About this task> Working from the listing below, pick each line containing the word "cross" and copy it.

Extracted entries>
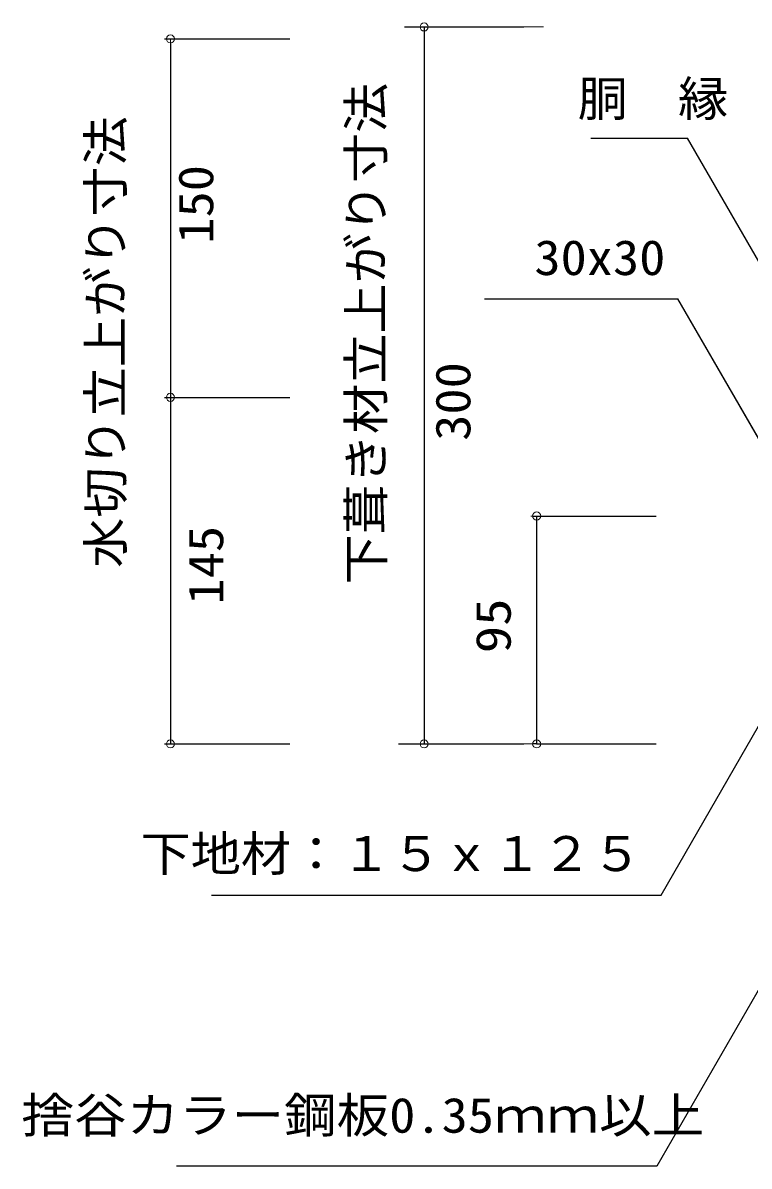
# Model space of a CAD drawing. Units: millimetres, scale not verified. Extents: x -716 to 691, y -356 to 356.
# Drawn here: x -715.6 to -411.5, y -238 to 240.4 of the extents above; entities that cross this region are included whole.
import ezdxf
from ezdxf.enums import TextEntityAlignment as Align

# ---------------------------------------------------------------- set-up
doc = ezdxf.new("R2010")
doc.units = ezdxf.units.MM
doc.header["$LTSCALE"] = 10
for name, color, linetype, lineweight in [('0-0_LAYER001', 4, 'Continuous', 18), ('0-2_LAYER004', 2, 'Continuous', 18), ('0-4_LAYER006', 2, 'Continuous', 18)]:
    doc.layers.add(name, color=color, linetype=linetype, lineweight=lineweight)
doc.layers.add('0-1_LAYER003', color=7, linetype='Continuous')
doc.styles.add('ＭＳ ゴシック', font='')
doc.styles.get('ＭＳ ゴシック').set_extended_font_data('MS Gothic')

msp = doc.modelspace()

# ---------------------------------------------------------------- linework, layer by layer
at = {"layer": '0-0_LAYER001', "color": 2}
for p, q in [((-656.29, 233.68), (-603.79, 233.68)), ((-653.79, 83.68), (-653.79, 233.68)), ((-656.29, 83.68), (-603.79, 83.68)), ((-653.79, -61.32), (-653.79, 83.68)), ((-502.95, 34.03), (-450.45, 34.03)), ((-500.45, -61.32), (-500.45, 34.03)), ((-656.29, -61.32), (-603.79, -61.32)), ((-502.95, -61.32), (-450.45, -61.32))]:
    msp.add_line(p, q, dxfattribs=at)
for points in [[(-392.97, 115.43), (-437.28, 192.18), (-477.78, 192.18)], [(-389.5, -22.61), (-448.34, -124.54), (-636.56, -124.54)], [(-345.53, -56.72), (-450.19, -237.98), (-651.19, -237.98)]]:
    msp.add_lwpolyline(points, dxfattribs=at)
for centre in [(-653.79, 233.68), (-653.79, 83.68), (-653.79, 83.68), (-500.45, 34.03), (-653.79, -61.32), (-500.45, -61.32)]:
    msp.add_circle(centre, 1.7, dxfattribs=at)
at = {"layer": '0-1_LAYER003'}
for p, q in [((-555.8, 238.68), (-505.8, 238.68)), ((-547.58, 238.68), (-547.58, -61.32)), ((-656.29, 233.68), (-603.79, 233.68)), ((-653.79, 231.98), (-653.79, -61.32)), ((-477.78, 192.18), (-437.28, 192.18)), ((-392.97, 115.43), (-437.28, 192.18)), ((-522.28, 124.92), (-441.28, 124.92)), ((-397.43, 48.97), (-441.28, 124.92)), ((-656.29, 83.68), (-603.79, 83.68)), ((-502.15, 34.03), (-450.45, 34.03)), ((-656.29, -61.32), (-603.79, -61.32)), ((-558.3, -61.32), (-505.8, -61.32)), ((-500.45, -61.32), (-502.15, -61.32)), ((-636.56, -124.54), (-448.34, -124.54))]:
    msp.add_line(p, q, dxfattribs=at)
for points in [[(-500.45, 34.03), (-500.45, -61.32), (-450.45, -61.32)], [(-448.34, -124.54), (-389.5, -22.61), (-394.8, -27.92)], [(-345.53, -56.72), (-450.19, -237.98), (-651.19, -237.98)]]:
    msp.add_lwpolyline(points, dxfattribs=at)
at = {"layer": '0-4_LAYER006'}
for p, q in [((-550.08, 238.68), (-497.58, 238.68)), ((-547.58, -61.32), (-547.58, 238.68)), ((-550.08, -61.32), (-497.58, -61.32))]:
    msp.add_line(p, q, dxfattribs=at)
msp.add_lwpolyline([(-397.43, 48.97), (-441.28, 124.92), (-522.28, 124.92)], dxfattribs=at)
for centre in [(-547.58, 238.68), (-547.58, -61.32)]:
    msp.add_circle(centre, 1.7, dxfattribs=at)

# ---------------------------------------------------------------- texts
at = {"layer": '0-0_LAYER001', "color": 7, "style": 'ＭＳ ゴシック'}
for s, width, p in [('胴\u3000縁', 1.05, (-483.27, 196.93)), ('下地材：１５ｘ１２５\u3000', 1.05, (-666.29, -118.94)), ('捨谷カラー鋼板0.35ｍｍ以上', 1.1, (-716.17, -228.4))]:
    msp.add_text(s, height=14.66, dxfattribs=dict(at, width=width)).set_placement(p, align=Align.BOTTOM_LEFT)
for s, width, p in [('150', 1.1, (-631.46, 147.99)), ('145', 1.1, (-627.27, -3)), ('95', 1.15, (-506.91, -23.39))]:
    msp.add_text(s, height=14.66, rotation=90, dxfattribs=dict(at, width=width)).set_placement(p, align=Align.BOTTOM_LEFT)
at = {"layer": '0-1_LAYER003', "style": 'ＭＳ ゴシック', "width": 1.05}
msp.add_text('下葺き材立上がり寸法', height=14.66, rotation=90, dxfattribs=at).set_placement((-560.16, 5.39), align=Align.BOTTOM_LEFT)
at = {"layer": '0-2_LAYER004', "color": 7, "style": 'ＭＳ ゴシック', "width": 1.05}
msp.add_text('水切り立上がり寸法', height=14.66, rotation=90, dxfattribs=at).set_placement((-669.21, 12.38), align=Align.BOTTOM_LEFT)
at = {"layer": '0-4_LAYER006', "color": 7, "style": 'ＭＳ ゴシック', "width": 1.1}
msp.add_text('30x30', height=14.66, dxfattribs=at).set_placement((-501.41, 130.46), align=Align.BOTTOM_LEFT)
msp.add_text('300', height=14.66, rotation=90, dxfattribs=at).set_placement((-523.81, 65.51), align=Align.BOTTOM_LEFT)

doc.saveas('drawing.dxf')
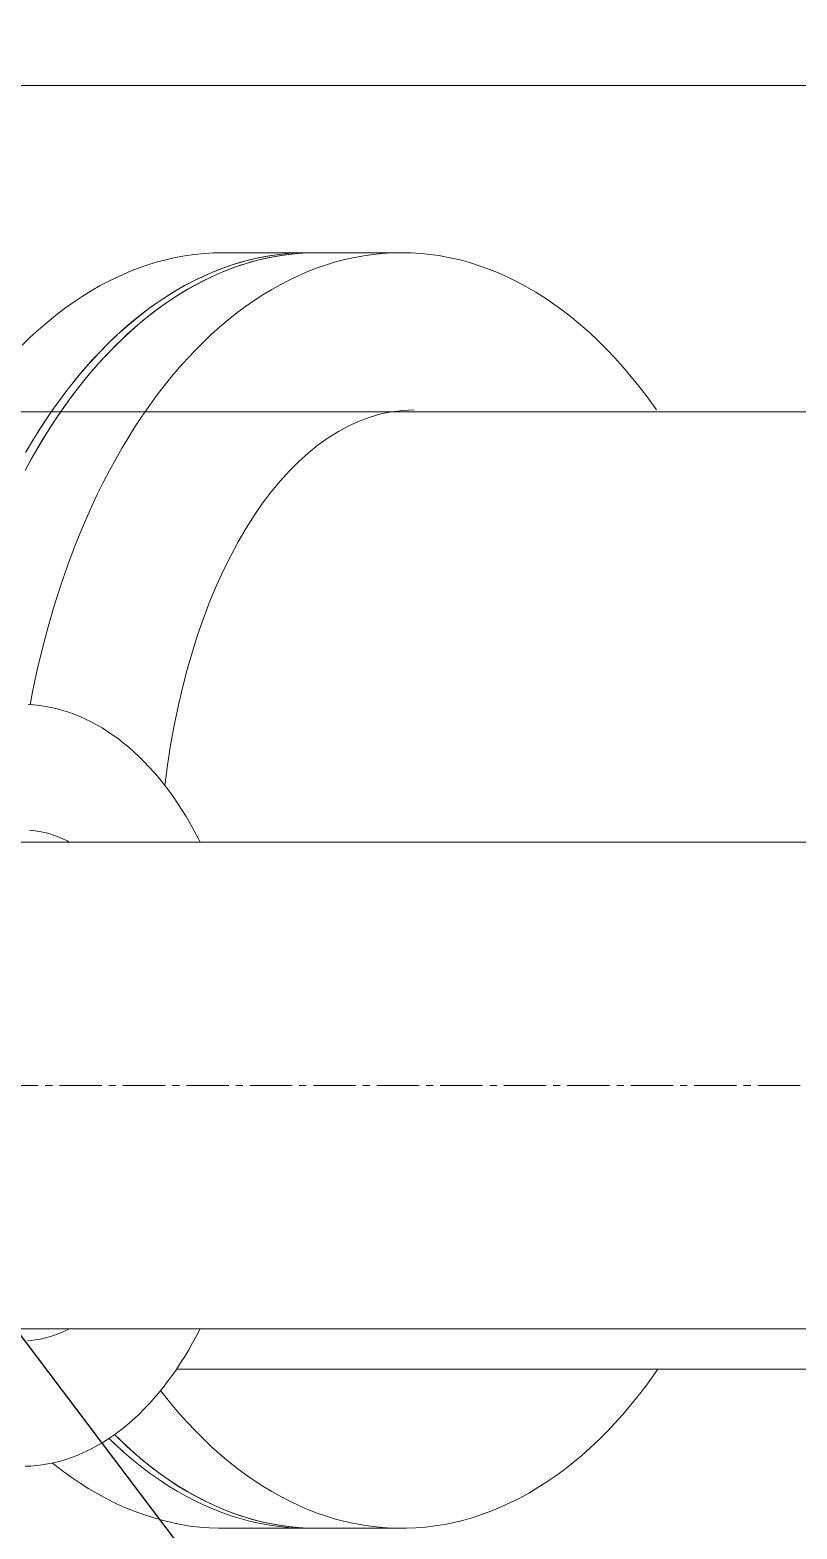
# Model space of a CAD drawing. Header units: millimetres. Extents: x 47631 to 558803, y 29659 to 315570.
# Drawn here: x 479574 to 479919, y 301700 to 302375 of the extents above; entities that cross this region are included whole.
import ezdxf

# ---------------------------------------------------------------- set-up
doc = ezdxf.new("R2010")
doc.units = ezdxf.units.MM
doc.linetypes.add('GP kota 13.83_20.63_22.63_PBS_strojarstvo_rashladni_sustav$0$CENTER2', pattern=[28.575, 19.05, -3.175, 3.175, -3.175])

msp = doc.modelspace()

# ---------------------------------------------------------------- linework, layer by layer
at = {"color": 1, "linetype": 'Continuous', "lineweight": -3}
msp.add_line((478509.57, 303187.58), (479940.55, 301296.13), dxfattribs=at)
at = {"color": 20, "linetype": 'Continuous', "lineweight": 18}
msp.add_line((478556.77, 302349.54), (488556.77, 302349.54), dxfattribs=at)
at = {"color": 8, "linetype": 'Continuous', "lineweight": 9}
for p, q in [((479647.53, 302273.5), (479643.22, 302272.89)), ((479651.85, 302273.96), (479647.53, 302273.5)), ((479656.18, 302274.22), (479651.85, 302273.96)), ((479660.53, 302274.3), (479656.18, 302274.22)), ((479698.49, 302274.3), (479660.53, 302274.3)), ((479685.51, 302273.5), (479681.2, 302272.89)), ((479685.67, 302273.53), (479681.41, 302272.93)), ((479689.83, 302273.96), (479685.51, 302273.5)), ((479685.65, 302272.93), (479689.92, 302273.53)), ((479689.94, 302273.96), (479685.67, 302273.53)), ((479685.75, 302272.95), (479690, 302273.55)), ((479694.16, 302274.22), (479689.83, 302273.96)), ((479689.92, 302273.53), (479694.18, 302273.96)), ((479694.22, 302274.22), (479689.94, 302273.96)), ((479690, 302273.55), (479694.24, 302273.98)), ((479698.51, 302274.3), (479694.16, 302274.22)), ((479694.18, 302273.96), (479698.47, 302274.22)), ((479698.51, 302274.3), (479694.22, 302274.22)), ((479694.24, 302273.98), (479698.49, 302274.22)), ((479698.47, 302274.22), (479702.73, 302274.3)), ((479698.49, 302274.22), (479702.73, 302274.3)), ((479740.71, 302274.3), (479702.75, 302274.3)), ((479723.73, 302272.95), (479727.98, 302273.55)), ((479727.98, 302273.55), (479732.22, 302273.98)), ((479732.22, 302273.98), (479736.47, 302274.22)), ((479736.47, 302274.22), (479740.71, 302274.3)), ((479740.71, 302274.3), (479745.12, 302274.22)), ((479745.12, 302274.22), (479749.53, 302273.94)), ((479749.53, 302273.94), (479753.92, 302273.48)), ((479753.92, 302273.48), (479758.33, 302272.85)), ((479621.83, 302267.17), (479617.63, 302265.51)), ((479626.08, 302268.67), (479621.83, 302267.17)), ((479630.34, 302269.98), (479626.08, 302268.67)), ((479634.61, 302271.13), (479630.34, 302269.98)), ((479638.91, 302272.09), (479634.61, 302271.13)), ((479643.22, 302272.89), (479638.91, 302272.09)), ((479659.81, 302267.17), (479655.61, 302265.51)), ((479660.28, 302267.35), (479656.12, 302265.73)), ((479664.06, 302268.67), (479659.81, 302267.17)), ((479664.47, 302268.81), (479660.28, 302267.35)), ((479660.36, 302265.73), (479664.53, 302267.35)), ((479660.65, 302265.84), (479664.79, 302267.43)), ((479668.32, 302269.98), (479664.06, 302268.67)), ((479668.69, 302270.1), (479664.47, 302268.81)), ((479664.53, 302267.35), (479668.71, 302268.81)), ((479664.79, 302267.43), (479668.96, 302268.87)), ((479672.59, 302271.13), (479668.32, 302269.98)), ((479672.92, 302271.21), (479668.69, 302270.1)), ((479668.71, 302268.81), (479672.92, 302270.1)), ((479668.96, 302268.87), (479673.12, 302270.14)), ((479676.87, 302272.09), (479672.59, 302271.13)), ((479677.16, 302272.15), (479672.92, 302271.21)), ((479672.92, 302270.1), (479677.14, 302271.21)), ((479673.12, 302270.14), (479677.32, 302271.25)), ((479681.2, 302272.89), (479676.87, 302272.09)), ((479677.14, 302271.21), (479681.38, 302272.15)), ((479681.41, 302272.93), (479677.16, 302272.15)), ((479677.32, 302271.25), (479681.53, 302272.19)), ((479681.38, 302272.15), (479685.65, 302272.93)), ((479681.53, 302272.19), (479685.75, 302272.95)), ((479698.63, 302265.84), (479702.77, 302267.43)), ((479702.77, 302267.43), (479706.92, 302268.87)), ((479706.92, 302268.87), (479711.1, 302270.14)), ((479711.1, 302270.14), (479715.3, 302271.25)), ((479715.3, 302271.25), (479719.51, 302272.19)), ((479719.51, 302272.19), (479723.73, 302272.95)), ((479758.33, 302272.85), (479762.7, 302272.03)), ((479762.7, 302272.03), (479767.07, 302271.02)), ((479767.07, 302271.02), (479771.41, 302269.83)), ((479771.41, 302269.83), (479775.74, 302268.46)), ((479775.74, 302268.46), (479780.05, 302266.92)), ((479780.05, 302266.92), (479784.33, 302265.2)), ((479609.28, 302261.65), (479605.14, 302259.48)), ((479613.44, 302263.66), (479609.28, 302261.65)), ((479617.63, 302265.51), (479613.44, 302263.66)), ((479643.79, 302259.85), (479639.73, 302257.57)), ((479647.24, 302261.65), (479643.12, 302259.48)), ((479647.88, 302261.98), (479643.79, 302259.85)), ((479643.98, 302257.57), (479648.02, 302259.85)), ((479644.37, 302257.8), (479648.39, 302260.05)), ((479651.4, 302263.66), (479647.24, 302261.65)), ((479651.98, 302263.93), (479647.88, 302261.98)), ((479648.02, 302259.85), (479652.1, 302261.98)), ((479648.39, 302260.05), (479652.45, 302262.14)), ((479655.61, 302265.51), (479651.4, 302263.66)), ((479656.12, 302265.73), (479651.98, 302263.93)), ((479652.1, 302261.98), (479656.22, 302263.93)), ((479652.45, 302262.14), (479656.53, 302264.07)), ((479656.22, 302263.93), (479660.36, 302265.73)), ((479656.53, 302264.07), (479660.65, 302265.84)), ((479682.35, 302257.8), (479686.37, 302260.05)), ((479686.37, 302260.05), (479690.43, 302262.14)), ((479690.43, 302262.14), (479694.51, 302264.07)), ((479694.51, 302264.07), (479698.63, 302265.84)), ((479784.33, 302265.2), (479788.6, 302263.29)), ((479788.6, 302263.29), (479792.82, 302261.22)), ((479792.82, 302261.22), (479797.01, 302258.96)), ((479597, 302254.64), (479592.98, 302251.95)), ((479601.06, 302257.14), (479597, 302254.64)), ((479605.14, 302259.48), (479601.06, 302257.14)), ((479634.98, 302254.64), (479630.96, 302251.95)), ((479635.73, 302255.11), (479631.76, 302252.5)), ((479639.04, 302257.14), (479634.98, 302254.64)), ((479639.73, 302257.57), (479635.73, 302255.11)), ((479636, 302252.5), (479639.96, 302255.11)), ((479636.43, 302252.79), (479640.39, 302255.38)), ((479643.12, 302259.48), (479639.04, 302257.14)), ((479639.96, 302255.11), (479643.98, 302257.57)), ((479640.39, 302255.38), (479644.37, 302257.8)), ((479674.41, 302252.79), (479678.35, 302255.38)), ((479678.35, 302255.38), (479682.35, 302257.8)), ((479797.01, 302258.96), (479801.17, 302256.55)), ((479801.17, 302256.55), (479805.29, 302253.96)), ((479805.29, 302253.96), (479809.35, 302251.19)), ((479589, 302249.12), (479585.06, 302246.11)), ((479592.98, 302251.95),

Worked solution>
# Drawn here: x -715.6 to -411.5, y -238 to 240.4 of the extents above; entities that cross this region are included whole.
# Drawn here: x 479574 to 479919, y 301700 to 302375 of the extents above; entities that cross this region are included whole.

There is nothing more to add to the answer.